What kind of state? You want all canisters to share the same state?

Mathias · November 23, 2022, 11:30am

Sorry, I should’ve given more context but I’m not sure if my thinking around this topic is correct at all.

In my concrete case, I have 3 canisters: market, db, and invoice. Most of the logic happens on the market. The db canister is separate as we wanted to use Sudograph as a “db” and write Motoko for everything else. That architecture might not have been the best solution. If I could write rust I would have just added logic on the db/sudograph canister directly.

The main thing the app allows users to do is to ask questions that have financial rewards “attached” to them. To ask a question a user transfers some ICP to the accountId of an invoice. Once paid the question can be opened and others can answer it during some time. After that time there is a process that decides which answer/user wins the reward.

The most concerning issue I had during testing was regarding payouts. When a winner is selected heartbeat is used to close the question on the db and to transfer the reward to the winner. If the whole app would run on one canister I could just go through all the questions that are eligible to get closed, do the transfers, and if they succeed I could close them.

Because that is not the case I think I face these issues:

Problem 1: Transfers
There could be a previously triggered transfer that is still outstanding. Heartbeat could possibly run the function again (and trigger another one) thinking the payment was not done yet. I, therefore, need to be sure that the closing/payout function related to a specific question directly returns unless there are no outstanding calls on the ledger.

Problem 2: Closing
As my db is a separate canister as well the call to check if the question is still open is also not atomic. Therefore, it could be that the market canister receives a response indicating a specific question is still open while another call is ongoing that will close it.

I guess the two problems are the same issue but it’s not completely intuitive to me. The solution I ended up implementing seems to work but I guess it could be simplified. And I find it generally confusing to think about it.

To answer your question it’s not that several canisters should have the same state but each canister manages a part of the state. If it was all happening on one canister my mental model would be that my functions trigger a specific state transition for a given question (ICP balances change, variables of specific invoice change, variables on the question change, → all at once).

In the non-atomic environment, I started to think of it as a sequential multi-step process where each canister does a different step of the entire process. An example of a process would be: verify the invoice → open the question.
I think in my case, it’s hard to “roll back” what happens on the invoice canister (haven’t thought a lot about this though).

To complete the process while preventing some steps from being done twice I think I have two options:

Check on each canister which steps have already happened and do not do them again.
Check if the entire process is running right now (any relevant outstanding calls) and wait for that to complete.
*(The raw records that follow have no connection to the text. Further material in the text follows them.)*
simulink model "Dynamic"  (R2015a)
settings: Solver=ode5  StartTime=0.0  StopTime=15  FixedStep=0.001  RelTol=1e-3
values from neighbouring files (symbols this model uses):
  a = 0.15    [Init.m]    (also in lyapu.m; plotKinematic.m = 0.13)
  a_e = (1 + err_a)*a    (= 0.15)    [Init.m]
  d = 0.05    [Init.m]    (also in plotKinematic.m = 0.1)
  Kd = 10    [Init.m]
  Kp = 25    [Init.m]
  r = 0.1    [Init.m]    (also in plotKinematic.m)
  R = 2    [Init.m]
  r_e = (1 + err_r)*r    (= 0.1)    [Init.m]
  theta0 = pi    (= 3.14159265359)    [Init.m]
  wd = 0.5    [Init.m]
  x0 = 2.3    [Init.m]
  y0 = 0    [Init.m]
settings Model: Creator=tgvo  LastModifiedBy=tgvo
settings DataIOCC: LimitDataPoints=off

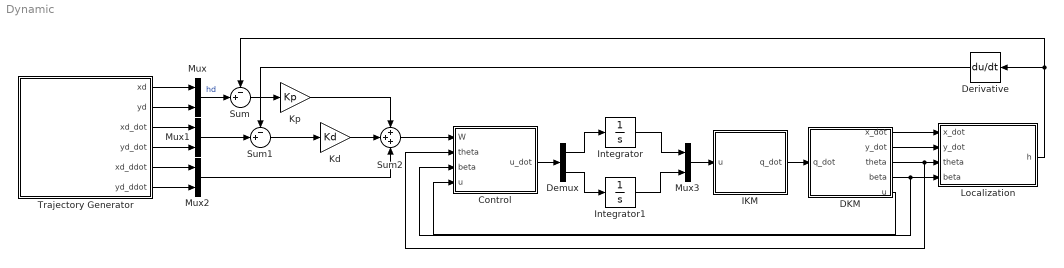
== system Dynamic ==
  Control : Subsystem  mask{a=a, d=d}
  DKM : Subsystem  mask{a=a, r=r, d=d}
  Demux : Demux  Outputs=2
  Derivative : Derivative
  IKM : Subsystem  mask{L_e=a_e, r_e=r_e}
      mask prompts: L_e "Estimated distance b/w steerable wheel and Om"; r_e "Estimated wheel radius"
  Integrator : Integrator
  Integrator1 : Integrator
  Kd : Gain  Gain=Kd
  Kp : Gain  Gain=Kp
  Localization : Subsystem  mask{a=a, d=d, x0=x0, y0=y0}
      mask prompts: a "Value of a"; d "Value of d"; x0 "Initial value of x"; y0 "Initial value of y"
  Mux{,1..3} (4 alike) : Mux  Inputs=2
  Sum : Sum  Inputs=-+|
  Sum1 : Sum  Inputs=-+|
  Sum2 : Sum  Inputs=+++
  Trajectory Generator : Subsystem  mask{R=R, wd=wd}
      mask prompts: R "Circular Radius"; wd "Desired Angular Velocity"
  wires:
  Trajectory Generator/1(xd) -> Mux/1
  Trajectory Generator/6(yd_ddot) -> Mux2/2
  Mux1/1 -> Sum1/2
  Sum1/1 -> Kd/1
  Kd/1 -> Sum2/2
  Kp/1 -> Sum2/1
  Mux2/1 -> Sum2/3
  Sum2/1 -> Control/1(W)
  Control/1(u_dot) -> Demux/1
  Demux/1 -> Integrator/1
  Demux/2 -> Integrator1/1
  Integrator/1 -> Mux3/1
  Integrator1/1 -> Mux3/2
  Mux3/1 -> IKM/1(u)
  IKM/1(q_dot) -> DKM/1(q_dot)
  DKM/5(u) -> Control/4(u)
  Localization/1(h) -> Sum/1, Derivative/1
  Derivative/1 -> Sum1/1
  Mux/1 -> Sum/2  "hd"
  Sum/1 -> Kp/1
  DKM/4(beta) -> Control/3(beta), Localization/4(beta)
  DKM/3(theta) -> Control/2(theta), Localization/3(theta)
  DKM/2(y_dot) -> Localization/2(y_dot)
  DKM/1(x_dot) -> Localization/1(x_dot)
  Trajectory Generator/2(yd) -> Mux/2
  Trajectory Generator/3(xd_dot) -> Mux1/1
  Trajectory Generator/4(yd_dot) -> Mux1/2
  Trajectory Generator/5(xd_ddot) -> Mux2/1

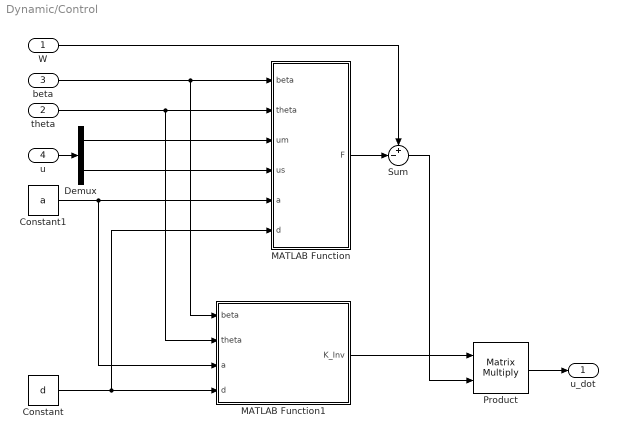
== system Dynamic/Control ==
  W : Inport
  theta : Inport  Port=2
  beta : Inport  Port=3
  u : Inport  Port=4
  Constant : Constant  Value=d
  Constant1 : Constant  Value=a
  Demux : Demux  Outputs=2
  MATLAB Function : MATLAB Function  TreatAsAtomicUnit=on
  MATLAB Function1 : MATLAB Function  TreatAsAtomicUnit=on
  Product : Product  Multiplication=Matrix(*)
  Sum : Sum  Inputs=+-|
  u_dot : Outport
  wires:
  Constant/1 -> MATLAB Function/6(d), MATLAB Function1/4(d)
  Constant1/1 -> MATLAB Function1/3(a), MATLAB Function/5(a)
  theta/1 -> MATLAB Function1/2(theta), MATLAB Function/2(theta)
  beta/1 -> MATLAB Function1/1(beta), MATLAB Function/1(beta)
  MATLAB Function/1(F) -> Sum/2
  W/1 -> Sum/1
  MATLAB Function1/1(K_Inv) -> Product/1
  Sum/1 -> Product/2
  Product/1 -> u_dot/1
  u/1 -> Demux/1
  Demux/1 -> MATLAB Function/3(um)
  Demux/2 -> MATLAB Function/4(us)

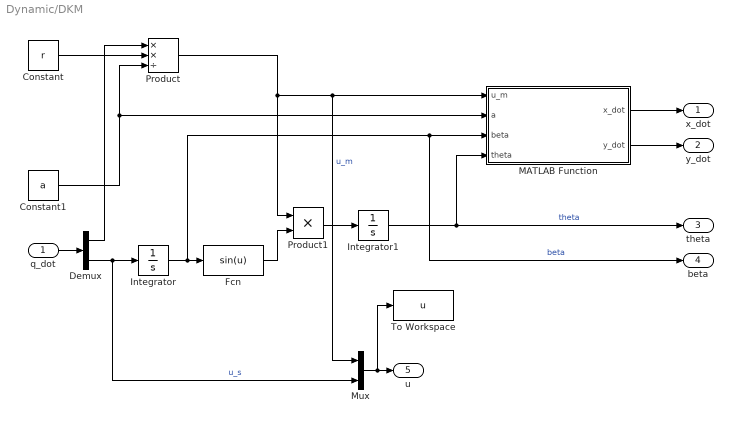
== system Dynamic/DKM ==
  q_dot : Inport
  Constant : Constant  Value=r
  Constant1 : Constant  Value=a
  Demux : Demux  Outputs=2
  Fcn : Fcn  Expr=sin(u)
  Integrator : Integrator
  Integrator1 : Integrator  InitialCondition=theta0
  MATLAB Function : MATLAB Function  TreatAsAtomicUnit=on
  Mux : Mux  Inputs=2
  Product : Product  Inputs=**/
  Product1 : Product
  To Workspace : ToWorkspace  VariableName=u  SampleTime=-1
  x_dot : Outport
  y_dot : Outport  Port=2
  theta : Outport  Port=3
  beta : Outport  Port=4
  u : Outport  Port=5
  wires:
  Constant/1 -> Product/2
  Demux/1 -> Product/1
  Integrator/1 -> beta/1, MATLAB Function/3(beta), Fcn/1  "beta"
  Fcn/1 -> Product1/2
  Product/1 -> Mux/1, MATLAB Function/1(u_m), Product1/1  "u_m"
  Product1/1 -> Integrator1/1
  q_dot/1 -> Demux/1
  Demux/2 -> Mux/2, Integrator/1  "u_s"
  Constant1/1 -> Product/3, MATLAB Function/2(a)
  Integrator1/1 -> theta/1, MATLAB Function/4(theta)  "theta"
  MATLAB Function/2(y_dot) -> y_dot/1
  Mux/1 -> To Workspace/1, u/1
  MATLAB Function/1(x_dot) -> x_dot/1

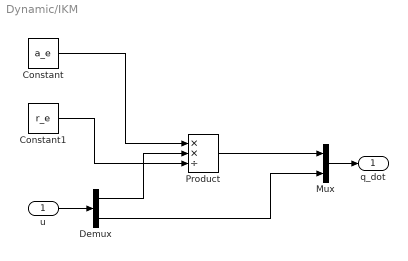
== system Dynamic/IKM ==
  u : Inport
  Constant : Constant  Value=a_e
  Constant1 : Constant  Value=r_e
  Demux : Demux  Outputs=2
  Mux : Mux  Inputs=2
  Product : Product  Inputs=**/
  q_dot : Outport
  wires:
  u/1 -> Demux/1
  Constant/1 -> Product/1
  Demux/1 -> Product/2
  Constant1/1 -> Product/3
  Mux/1 -> q_dot/1
  Product/1 -> Mux/1
  Demux/2 -> Mux/2

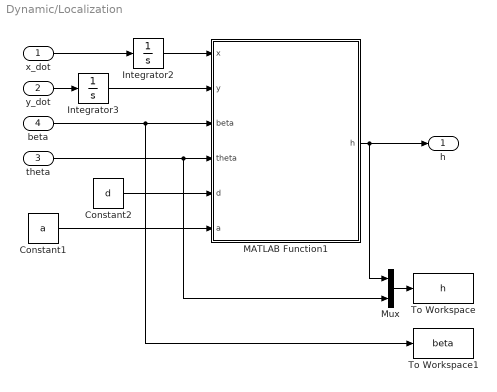
== system Dynamic/Localization ==
  x_dot : Inport
  y_dot : Inport  Port=2
  theta : Inport  Port=3
  beta : Inport  Port=4
  Constant1 : Constant  Value=a
  Constant2 : Constant  Value=d
  Integrator2 : Integrator  InitialCondition=x0
  Integrator3 : Integrator  InitialCondition=y0
  MATLAB Function1 : MATLAB Function  TreatAsAtomicUnit=on
  Mux : Mux  Inputs=2
  To Workspace : ToWorkspace  VariableName=h  SampleTime=-1
  To Workspace1 : ToWorkspace  VariableName=beta  SampleTime=-1
  h : Outport
  wires:
  Integrator2/1 -> MATLAB Function1/1(x)
  x_dot/1 -> Integrator2/1
  y_dot/1 -> Integrator3/1
  beta/1 -> To Workspace1/1, MATLAB Function1/3(beta)
  theta/1 -> Mux/2, MATLAB Function1/4(theta)
  MATLAB Function1/1(h) -> Mux/1, h/1
  Integrator3/1 -> MATLAB Function1/2(y)
  Constant2/1 -> MATLAB Function1/5(d)
  Constant1/1 -> MATLAB Function1/6(a)
  Mux/1 -> To Workspace/1

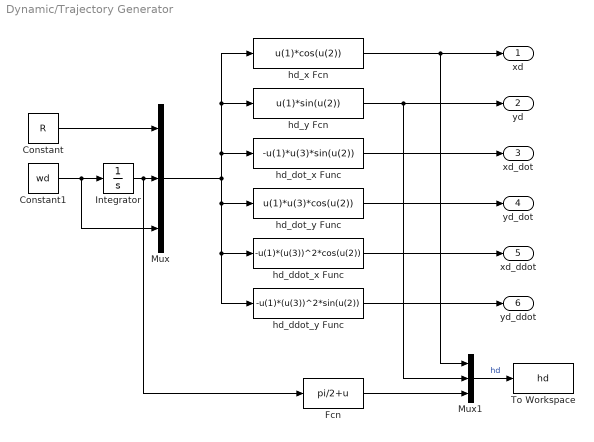
== system Dynamic/Trajectory Generator ==
  Constant : Constant  Value=R
  Constant1 : Constant  Value=wd
  Fcn : Fcn  Expr=pi/2+u
  Integrator : Integrator
  Mux : Mux  Inputs=3
  Mux1 : Mux  Inputs=3
  To Workspace : ToWorkspace  VariableName=hd  SampleTime=-1
  hd_ddot_x Func : Fcn  Expr=-u(1)*(u(3))^2*cos(u(2))
  hd_ddot_y Func : Fcn  Expr=-u(1)*(u(3))^2*sin(u(2))
  hd_dot_x Func : Fcn  Expr=-u(1)*u(3)*sin(u(2))
  hd_dot_y Func : Fcn  Expr=u(1)*u(3)*cos(u(2))
  hd_x Fcn : Fcn  Expr=u(1)*cos(u(2))
  hd_y Fcn : Fcn  Expr=u(1)*sin(u(2))
  xd : Outport
  yd : Outport  Port=2
  xd_dot : Outport  Port=3
  yd_dot : Outport  Port=4
  xd_ddot : Outport  Port=5
  yd_ddot : Outport  Port=6
  wires:
  hd_y Fcn/1 -> Mux1/2, yd/1
  hd_x Fcn/1 -> xd/1, Mux1/1
  Mux/1 -> hd_dot_x Func/1, hd_x Fcn/1, hd_y Fcn/1, hd_ddot_y Func/1, hd_ddot_x Func/1, hd_dot_y Func/1
  Constant1/1 -> Mux/3, Integrator/1
  Constant/1 -> Mux/1
  Mux1/1 -> To Workspace/1  "hd"
  Integrator/1 -> Fcn/1, Mux/2
  hd_dot_y Func/1 -> yd_dot/1
  hd_ddot_x Func/1 -> xd_ddot/1
  hd_dot_x Func/1 -> xd_dot/1
  hd_ddot_y Func/1 -> yd_ddot/1
  Fcn/1 -> Mux1/3

== matlab function Dynamic/Control/MATLAB Function1 ==
  data: beta input; K_Inv output; theta input; a input; d input
function K_Inv = Find_K_Inv(beta,theta,a,d)
%#codegen

K = [a*cos(beta+theta)-d*sin(beta+theta)*sin(beta), -d*sin(beta+theta);...
     a*sin(beta+theta)+d*cos(beta+theta)*sin(beta), d*cos(beta+theta)];
 K_Inv = inv(K);

== matlab function Dynamic/Control/MATLAB Function ==
  data: beta input; theta input; um input; us input; F output; a input; d input
function F = FxBlock(beta,theta,um,us,a,d)


F11 = -um^2*sin(beta)*(a*sin(beta+theta)+d*sin(beta)*cos(beta+theta))...
      -um*us*(a*sin(beta+theta)+2*d*sin(beta)*cos(beta+theta)+d*cos(beta)*sin(beta+theta))...
      -us^2*d*cos(beta+theta);
  
F21 = um^2*sin(beta)*(a*cos(beta+theta)-d*sin(beta)*sin(beta+theta))...
      +um*us*(a*cos(beta+theta)-2*d*sin(beta)*sin(beta+theta)+d*cos(beta)*cos(beta+theta))...
      -us^2*d*sin(beta+theta);

F = [F11;F21];

== matlab function Dynamic/DKM/MATLAB Function ==
  data: u_m input; x_dot output; a input; beta input; theta input; y_dot output
function [x_dot,y_dot] = Find_xy_dot(u_m,a,beta,theta)

x_dot = a*cos(beta)*cos(theta)*u_m;
y_dot = a*cos(beta)*sin(theta)*u_m;

== matlab function Dynamic/Localization/MATLAB Function1 ==
  data: x input; y input; beta input; theta input; d input; a input; h output
function h = Find_h(x,y,beta,theta,d,a)
%#codegen
z1 = x + a*cos(theta) + d*cos(theta+beta);
z2 = y + a*sin(theta) + d*sin(theta+beta);
h = [z1;z2];
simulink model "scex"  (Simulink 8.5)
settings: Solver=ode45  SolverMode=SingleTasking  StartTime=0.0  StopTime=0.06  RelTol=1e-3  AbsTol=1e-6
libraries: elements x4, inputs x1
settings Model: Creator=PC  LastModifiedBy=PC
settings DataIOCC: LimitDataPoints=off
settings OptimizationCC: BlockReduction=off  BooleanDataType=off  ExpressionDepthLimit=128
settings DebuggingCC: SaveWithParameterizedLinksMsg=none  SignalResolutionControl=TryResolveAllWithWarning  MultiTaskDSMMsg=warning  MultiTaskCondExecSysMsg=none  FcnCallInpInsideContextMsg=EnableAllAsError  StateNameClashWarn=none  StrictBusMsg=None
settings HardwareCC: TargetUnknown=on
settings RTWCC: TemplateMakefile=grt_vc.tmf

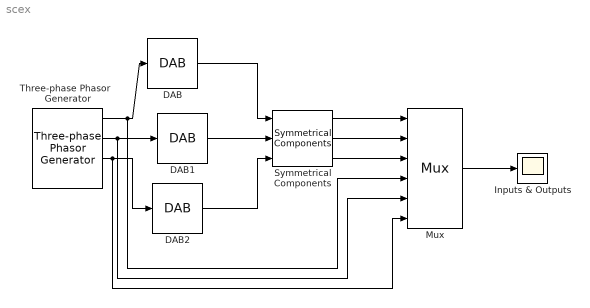
== system scex ==
  DAB : elements/DAB  filter=on  approx=Bessel  order=2  numerator=[]  denominator=[]  freq=180  resdis=on  vertres=12  xmax=1  winsize=40  G=1.0  fs=60*40
  DAB1 : elements/DAB  filter=on  approx=Bessel  order=2  numerator=[]  denominator=[]  freq=180  resdis=on  vertres=12  xmax=1  winsize=40  G=1.0  fs=60*40
  DAB2 : elements/DAB  filter=on  approx=Bessel  order=2  numerator=[]  denominator=[]  freq=180  resdis=on  vertres=12  xmax=1  winsize=40  G=1.0  fs=60*40
  Inputs & Outputs : Scope
      settings: TickLabels=on  YMin=-1  YMax=1
  Mux : Mux  Inputs=6
  Symmetrical Components : elements/Symmetrical Components  ortho_instant=Instantaneous  powerfre=60  samplefre=60*40
  Three-phase Phasor   Generator : inputs/Three-phase Phasor   Generator  phase_type=Phase quantities-symmetrical  phase1=[1 0]  phase2=[0 150]  phase3=[0 -50]  f=60  to=0
  wires:
  DAB2/1 -> Symmetrical Components/3
  DAB/1 -> Symmetrical Components/1
  DAB1/1 -> Symmetrical Components/2
  Three-phase Phasor   Generator/1 -> DAB/1, Mux/4
  Three-phase Phasor   Generator/2 -> DAB1/1, Mux/5
  Three-phase Phasor   Generator/3 -> DAB2/1, Mux/6
  Symmetrical Components/1 -> Mux/1
  Symmetrical Components/2 -> Mux/2
  Symmetrical Components/3 -> Mux/3
  Mux/1 -> Inputs & Outputs/1

In that case, I do not have to keep track on the db canister (for example) if a particular state change has occurred already. I can have that logic on the market instead.

Does that make any sense?

In both cases, I have to keep track of what has already occurred if the process possibly ran before.

One thing I find tricky is that I don’t just have to prevent certain functions to be called again but I have to prevent these functions to be called again only for specific parameters (let’s say for a specific question_id).

I’m not sure if what I say makes any sense which is why I did not provide too much context before. Am I on the right track? Do you have a mental model that makes it easier to think about this? How do you test that stuff (seems a huge pain to me)? How do you even log state across canisters and understand which change happened due to what calls?

I don’t have a formal CS background, so it might already be helpful to know what topics could make me understand this better.

I’m also trying to understand this to decide if the architecture was bad from the beginning. Having a separate db canister might have been a bad decision. I could possibly also make invoice canister a module. What do you think?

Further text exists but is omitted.